Open MayankChaturvedi opened 1 month ago
I would love to contribute to this issue @MayankChaturvedi
I love the idea!
So to make it even more clear:
If that is the workflow, I think we should go forward. Also, it would be great to not make this very complicated. We would like to see a very simple notebook that does what it needs to while not making it too complicated.
PS: I have added this issue to the main issue #43
hello @MayankChaturvedi as proposed by @ariG23498 in this issue #55 I would love to contribute to this work as well. Let me know if you want to divide/collab in any subtask for this.
Hey @ariG23498 I was redirected to #47 , thank you for that! I would also love to join this team @MayankChaturvedi . Please let me know if there is space for collaboration here too!
Hi folks, thanks for your interest in the issue. We need a simple notebook. I will create a branch so that three of us can collaborate on it. Meanwhile I'll also come up with a distribution of tasks. Let's collaborate on a discord group? - https://discord.gg/rhbqXsyX @ariG23498 does this setup sound good?
@MayankChaturvedi the collaboration sounds great!

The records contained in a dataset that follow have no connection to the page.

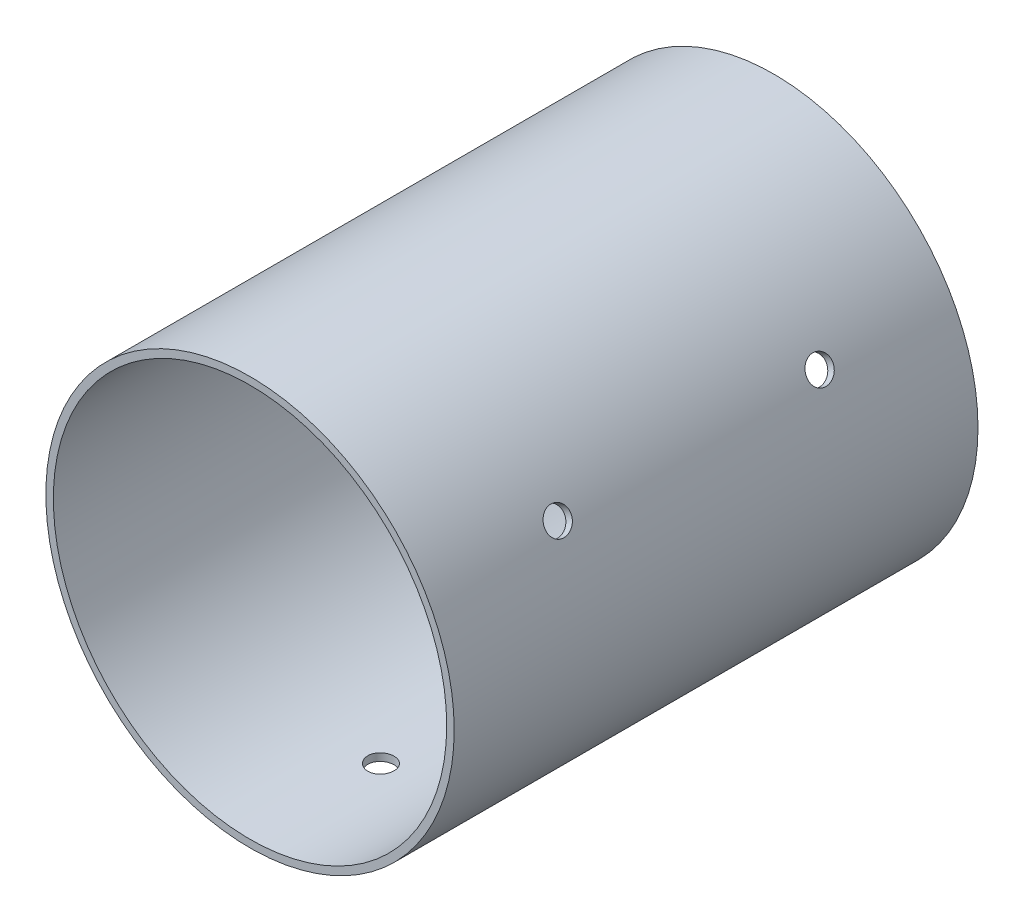
SolidWorks part; units mm, degrees
ref_plane "Front Plane" through (0, 0, 0) normal (0, 0, 1) x (1, 0, 0)
ref_plane "Top Plane" through (0, 0, 0) normal (0, 1, 0) x (1, 0, 0)
ref_plane "Right Plane" through (0, 0, 0) normal (1, 0, 0) x (0, 0, -1)
sketch "Sketch1" plane through (0, 0, 0) normal (0, 0, 1) x (1, 0, 0)
  circle A0 centre (0, 0) radius 49.5046
  circle A1 centre (0, 0) radius 47.6885
  dimension "D1" = 99.0092
  dimension "D2" = 95.377
extrude "Boss-Extrude1" add sketch "Sketch1" along normal blind 127
ref_axis "Axis1" through (0, 0, 127) along (0, 0, -1)
ref_plane "Plane1" through (0, 0, 0) normal (0.866, 0.5, 0) x (0, 0, -1)
sketch "Sketch4" plane through (0, 0, 0) normal (0, 1, 0) x (1, 0, 0)
  line L0 (0, -127) -> (0, 0) construction
  line L1 (-49.5046, -127) -> (49.5046, -127) construction
  line L2 (47.6885, 0) -> (-47.6885, 0) construction
  circle A0 centre (0, -31.75) radius 3.175
  circle A1 centre (0, -95.25) radius 3.175
  dimension "D1" = 6.35
  dimension "D2" = 31.75
  dimension "1.25" = 31.75
extrude "Cut-Extrude3" cut sketch "Sketch4" against normal through all
pattern_circular "CirPattern2" count 3 over 360 about axis through (0, 0, 127) along (0, 0, -1) of "Cut-Extrude3"
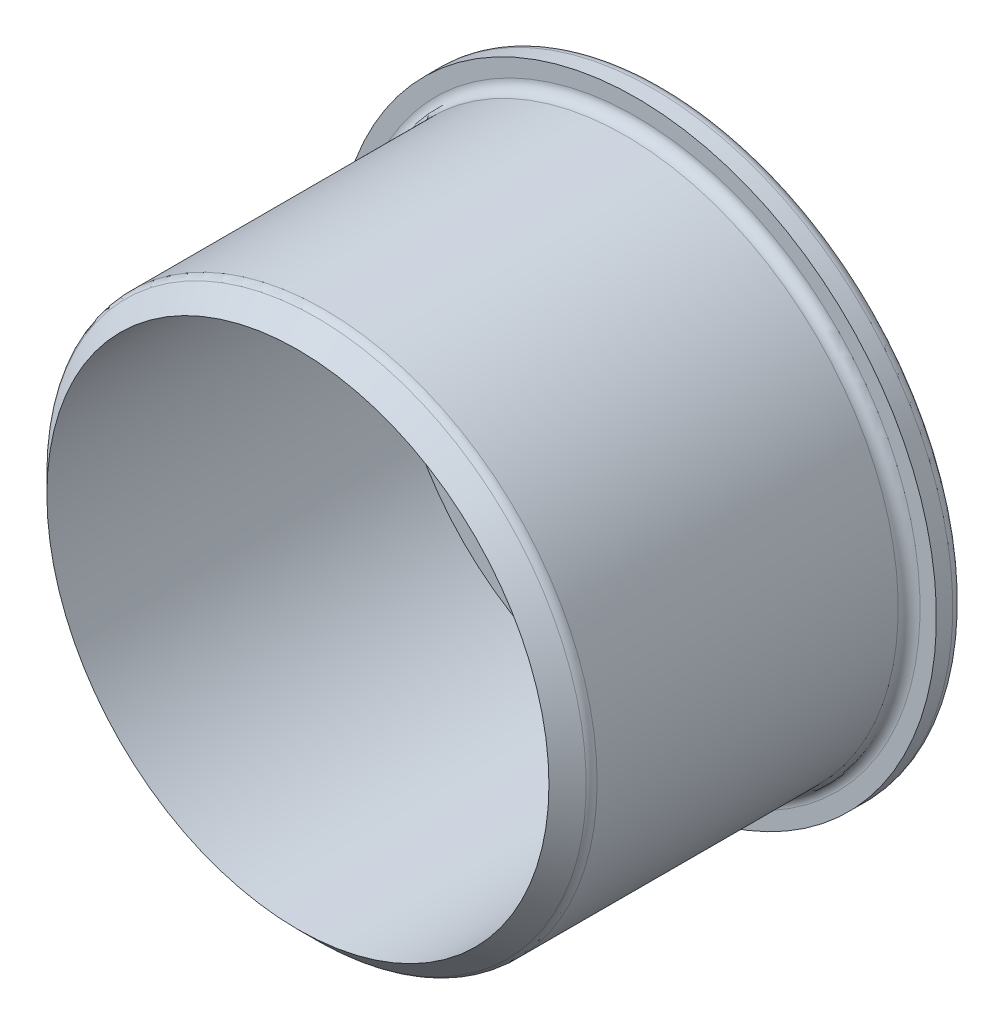
SolidWorks part; units mm, degrees
ref_plane "Спереди" through (0, 0, 0) normal (0, 0, 1) x (1, 0, 0)
ref_plane "Сверху" through (0, 0, 0) normal (0, 1, 0) x (1, 0, 0)
ref_plane "Справа" through (0, 0, 0) normal (1, 0, 0) x (0, 0, -1)
sketch "Эскиз1" plane through (0, 0, 0) normal (0, 0, 1) x (1, 0, 0)
  circle A0 centre (0, 0) radius 25
  dimension "D1" = 50
extrude "Бобышка-Вытянуть1" add sketch "Эскиз1" along normal blind 32 contours A0
sketch "Эскиз2" plane through (0, 0, 0) normal (0, 0, -1) x (-1, 0, 0)
  circle A0 centre (0, 0) radius 27.5
  dimension "D1" = 55
extrude "Бобышка-Вытянуть2" add sketch "Эскиз2" along normal blind 2.5
sketch "Эскиз3" plane through (0, 0, 32) normal (0, 0, 1) x (1, 0, 0)
  circle A0 centre (0, 0) radius 23
  dimension "D1" = 46
extrude "Вырез-Вытянуть1" cut sketch "Эскиз3" against normal blind 32.5
chamfer "Фаска1" distance 3 angle 45 1 edges at (25, 0, 32)
fillet "Скругление1" radius 1 1 edges at (25, 0, 29)
fillet "Скругление2" radius 1 1 edges at (25, 0, 0)
fillet "Скругление3" radius 1 1 edges at (-27.5, 0, -2.5)
sketch "Эскиз4" plane through (0, 0, -2.5) normal (0, 0, -1) x (-1, 0, 0)
  circle A0 centre (0, 0) radius 1.6
  dimension "D1" = 3.2
extrude "Вырез-Вытянуть2" cut sketch "Эскиз4" against normal blind 32.5
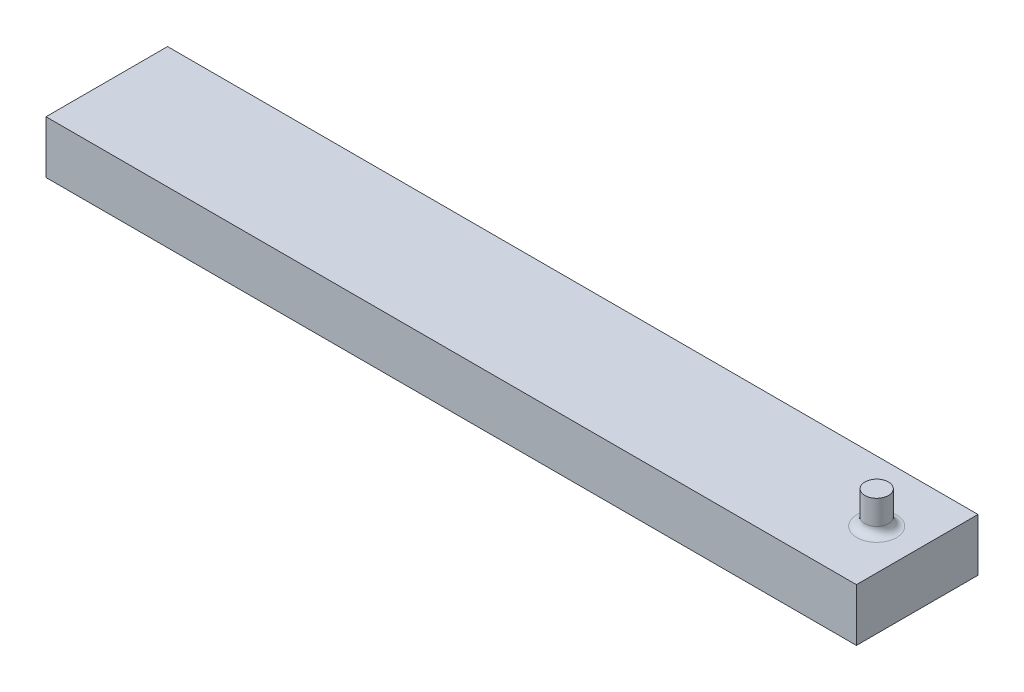
SolidWorks part; units mm, degrees
ref_plane "Front Plane" through (0, 0, 0) normal (0, 0, 1) x (1, 0, 0)
ref_plane "Top Plane" through (0, 0, 0) normal (0, 1, 0) x (1, 0, 0)
ref_plane "Right Plane" through (0, 0, 0) normal (1, 0, 0) x (0, 0, -1)
sketch "Sketch2" plane through (0, 0, 0) normal (0, 1, 0) x (1, 0, 0)
  line L1 (-50, -7.5) -> (50, -7.5)
  line L2 (-50, -7.5) -> (-50, 7.5)
  line L3 (-50, 7.5) -> (50, 7.5)
  line L4 (50, -7.5) -> (50, 7.5)
  line L5 (-50, -7.5) -> (50, 7.5) construction
  line L6 (-50, 7.5) -> (50, -7.5) construction
  point P0 (0, 0)
  dimension "D1" = 100
  dimension "D2" = 15
extrude "Boss-Extrude1" add sketch "Sketch2" along normal mid plane 6.5
sketch "Sketch4" plane through (0, 3.25, 0) normal (0, 1, 0) x (1, 0, 0)
  circle A0 centre (45, 0) radius 1.45
  dimension "D1" = 2.9
extrude "Boss-Extrude2" add sketch "Sketch4" along normal blind 4
sketch "Sketch5" plane through (0, -3.25, 0) normal (0, -1, 0) x (-1, 0, 0)
  circle A0 centre (38.1, 0) radius 5.1
  dimension "D1" = 10.2
extrude "Cut-Extrude1" cut sketch "Sketch5" against normal blind 4
fillet "Fillet1" radius 1 1 edges at (45, 3.25, -1.45)
sketch "Sketch6" plane through (0, 0, 0) normal (0, 0, 1) x (1, 0, 0)
  line L0 (50, -3.25) -> (-50, -3.25) construction
  line L1 (-23.5, -3.25) -> (-15, -3.25)
  line L2 (-23.5, -3.25) -> (-23.5, 0.75)
  line L3 (-23.5, 0.75) -> (-15, 0.75)
  line L4 (-15, -3.25) -> (-15, 0.75)
  line L5 (-15, 0.75) -> (-10, 0.75)
  line L7 (-15, -2.5) -> (-10, -2.5)
  line L8 (-10, 0.75) -> (-10, -2.5)
  line L9 (-50, 3.25) -> (-50, -3.25) construction
  dimension "D1" = 8.5
  dimension "D2" = 5
  dimension "D3" = 3.25
  dimension "D4" = 0.75
  dimension "D5" = 35
  dimension "D6" = 4
extrude "Cut-Extrude3" cut sketch "Sketch6" against normal mid plane 2.25 contours L1 L4 L3 L2 | L8 L5 L4 L7 region at (-19.25, -1.25, 0) region at (-12.5, -0.875, 0)
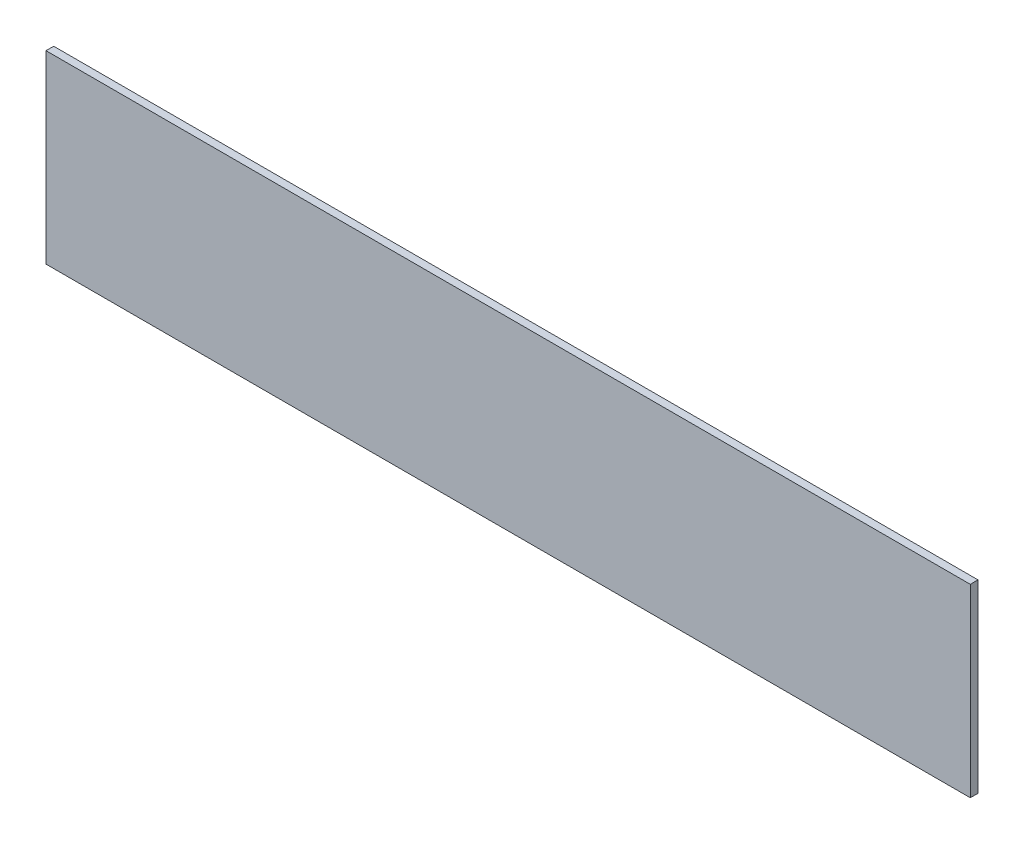
SolidWorks part; units mm, degrees
material "A-Glass Fiber"
ref_plane "Front Plane" through (0, 0, 0) normal (0, 0, 1) x (1, 0, 0)
ref_plane "Top Plane" through (0, 0, 0) normal (0, 1, 0) x (1, 0, 0)
ref_plane "Right Plane" through (0, 0, 0) normal (1, 0, 0) x (0, 0, -1)
sketch "Sketch1" plane through (0, 0, 0) normal (0, 0, 1) x (1, 0, 0)
  line L1 (0, 0) -> (190.5, 0)
  line L2 (0, 0) -> (0, 38.1)
  line L3 (0, 38.1) -> (190.5, 38.1)
  line L4 (190.5, 0) -> (190.5, 38.1)
  dimension "D1" = 190.5
  dimension "D2" = 38.1
extrude "Boss-Extrude1" add sketch "Sketch1" along normal blind 1.5875
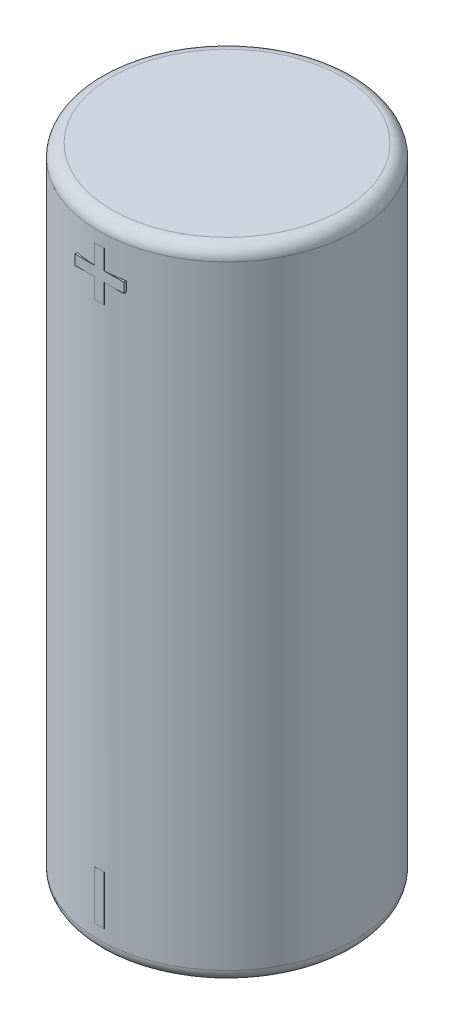
SolidWorks part; units mm, degrees
ref_plane "Front Plane" through (0, 0, 0) normal (0, 0, 1) x (1, 0, 0)
ref_plane "Top Plane" through (0, 0, 0) normal (0, 1, 0) x (1, 0, 0)
ref_plane "Right Plane" through (0, 0, 0) normal (1, 0, 0) x (0, 0, -1)
sketch "Sketch1" plane through (0, 0, 0) normal (0, 1, 0) x (1, 0, 0)
  circle A0 centre (0, 0) radius 13
  dimension "D1" = 26
extrude "Boss-Extrude1" add sketch "Sketch1" along normal blind 65
fillet "Fillet1" radius 1.27 1 edges at (0, 65, 13)
fillet "Fillet2" radius 1.27 1 edges at (0, 0, 13)
ref_plane "Plane1" through (0, 0, 13) normal (0, 0, 1) x (1, 0, 0)
sketch "Sketch2" plane through (0, 0, 13) normal (0, 0, 1) x (1, 0, 0)
  line L0 (11.73, 65) -> (-11.73, 65) construction
  line L1 (11.73, 65) -> (-11.73, 65)
  line L2 (0, 65) -> (0, 0) construction
  line L4 (-0.5, 62.5) -> (0.5, 62.5)
  line L5 (-0.5, 62.5) -> (-0.5, 57.5)
  line L6 (-0.5, 57.5) -> (0.5, 57.5)
  line L7 (0.5, 62.5) -> (0.5, 57.5)
  line L8 (-2.5, 60.5) -> (2.5, 60.5)
  line L9 (-2.5, 60.5) -> (-2.5, 59.5)
  line L10 (-2.5, 59.5) -> (2.5, 59.5)
  line L11 (2.5, 60.5) -> (2.5, 59.5)
  line L12 (-0.5, 7.5) -> (0.5, 7.5)
  line L13 (-0.5, 7.5) -> (-0.5, 2.5)
  line L14 (-0.5, 2.5) -> (0.5, 2.5)
  line L15 (0.5, 7.5) -> (0.5, 2.5)
  point P13 (0, 60)
  point P18 (0, 5)
  dimension "D1" = 5
  dimension "D2" = 5
  dimension "D3" = 1
  dimension "D4" = 1
  dimension "D5" = 0.5
  dimension "D6" = 2.5
  dimension "D7" = 5
  dimension "D8" = 0.5
  dimension "D9" = 2.5
  dimension "D10" = 1
  dimension "D11" = 5
  dimension "D12" = 5
  dimension "D13" = 2.5
  dimension "D14" = 0.5
extrude "Boss-Extrude2" add sketch "Sketch2" against normal blind 10 contours L2 L12 L13 L14 | L12 L2 L14 L15 | L5 L6 L7 L4 | L8 L11 L10 L9 region at (0.25, 5, 13) region at (-0.25, 5, 13)
sketch "Sketch3" plane through (0, 65, 0) normal (0, 1, 0) x (1, 0, 0)
  point P0 (0, 0)
sketch "Sketch4" plane through (0, 0, 0) normal (0, -1, 0) x (-1, 0, 0)
  point P0 (0, 0)
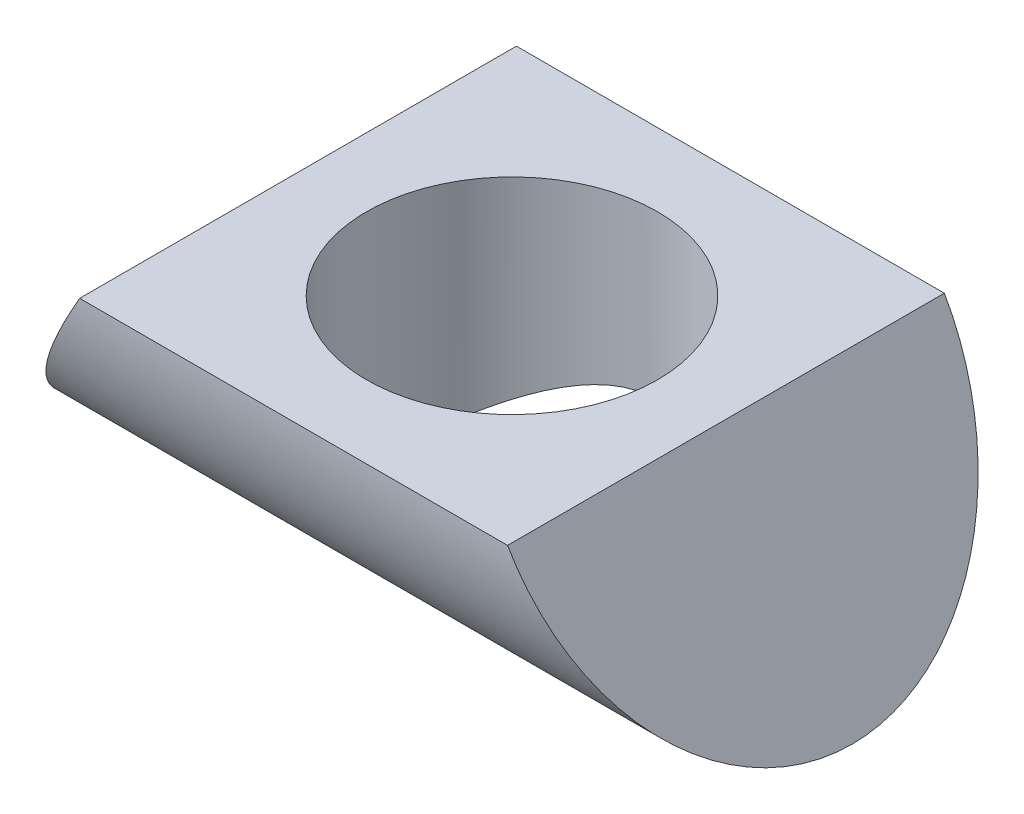
SolidWorks part; units mm, degrees
material "6061-T6 (SS)"
ref_plane "Front Plane" through (0, 0, 0) normal (0, 0, 1) x (1, 0, 0)
ref_plane "Top Plane" through (0, 0, 0) normal (0, 1, 0) x (1, 0, 0)
ref_plane "Right Plane" through (0, 0, 0) normal (1, 0, 0) x (0, 0, -1)
sketch "Sketch1" plane through (0, 0, 0) normal (0, 1, 0) x (1, 0, 0)
  line L0 (0, 20.354) -> (0, -20.728) construction
  line L1 (-20, 8) -> (20, 8) construction
  line L2 (-20, -8) -> (20, -8) construction
  circle A0 centre (-20, 0) radius 4.7625
  arc A1 (-20, 8) -> (-20, -8) centre (-20, 0) ccw construction
  circle A2 centre (20, 0) radius 4.7625
  arc A3 (20, 8) -> (20, -8) centre (20, 0) cw construction
  dimension "D1" = 9.525
  dimension "D2" = 20
  dimension "D3" = 16
sketch "Sketch2" plane through (0, 0, 0) normal (1, 0, 0) x (0, 0, -1)
  line L0 (-7.145, 0) -> (7.145, 0)
  arc A0 (-7.145, 0) -> (7.145, 0) centre (0, 0) ccw
  dimension "D1" = 14.29
extrude "Boss-Extrude3" add sketch "Sketch2" along normal blind 34 and the other way blind 34
extrude "Cut-Extrude1" cut sketch "Sketch1" against normal through all
sketch "Sketch3" plane through (0, 0, 0) normal (0, 1, 0) x (1, 0, 0)
  line L0 (0, 0) -> (0, 16.4803) construction
  line L1 (-20, 13) -> (20, 13)
  line L2 (-20, -13) -> (20, -13)
  arc A0 (-20, -13) -> (-20, 13) centre (-20, 0) cw
  arc A1 (20, -13) -> (20, 13) centre (20, 0) ccw
  dimension "D1" = 13
sketch "Sketch4" plane through (0, 0, 0) normal (0, 0, 1) x (1, 0, 0)
  line L0 (0, 0) -> (0, 13.4585) construction
  line L1 (-27, 0) -> (-20, 0) construction
  line L2 (-20, 0) -> (-13, 0) construction
  line L3 (13, 0) -> (20, 0) construction
  line L4 (-34, 0) -> (34, 0) construction
  line L5 (20, 0) -> (27, 0) construction
  line L34 (-43.2165, -4) -> (43.2165, -4) construction
  line L35 (20, 4.8152) -> (20, -11.8859) construction
  line L36 (-20, 4.8152) -> (-20, -11.8859) construction
  line L37 (-13, 0) -> (13, 0)
  line L38 (-7.8038, -9) -> (7.8038, -9)
  line L39 (32.1962, -9) -> (43.2165, -9)
  line L40 (43.2165, -9) -> (43.2165, 0)
  line L41 (43.2165, 0) -> (27, 0)
  line L42 (27, 0) -> (32.1962, -9)
  line L43 (13, 0) -> (7.8038, -9)
  line L44 (-43.2165, 0) -> (-27, 0)
  line L45 (-43.2165, -9) -> (-43.2165, 0)
  line L46 (-32.1962, -9) -> (-43.2165, -9)
  line L47 (-13, 0) -> (-7.8038, -9)
  line L48 (-27, 0) -> (-32.1962, -9)
  circle A0 centre (0, 9) radius 15 construction
  dimension "D1" = 30
  dimension "D2" = 9
  dimension "D4" = 60
  dimension "D5" = 60
  dimension "D6" = 20
  dimension "D7" = 20
  dimension "D8" = 7
  dimension "D11" = 60
  dimension "D12" = 60
  dimension "D13" = 9
extrude "Cut-Extrude3" cut sketch "Sketch4" against normal through all and the other way through all
sketch "Sketch5" plane through (0, 0, 0) normal (0, 1, 0) x (1, 0, 0)
  circle A0 centre (-20, 0) radius 7.25
  circle A1 centre (20, 0) radius 7.25
  dimension "D1" = 14.5
split line "Split Line1" [suppressed]
delete or keep bodies "Body-Delete1" type delete bodies bodies 112

Let me know if you folks need help -- the best way of reaching me is this issue. It would be open for others to view and learn 🤗
Hi @MayankChaturvedi I would love to collaborate on this issue. Let me know if I can contribute to this issue.
A notebook that demonstrates how to use a multimodal RAG that combines two types of inputs, such as text and images, to retrieve relevant information from a dataset and generate new outputs based on the retrieved data.
Example Input: Takes a text query along with an image (e.g., "Which fruit is this?") Retrieval: Uses the image and the text to retrieve relevant documents or facts from a knowledge base or external dataset (e.g., Wikipedia articles on animals). Generation: The system generates a coherent response based on the retrieved information (e.g., "This is a blueberry!").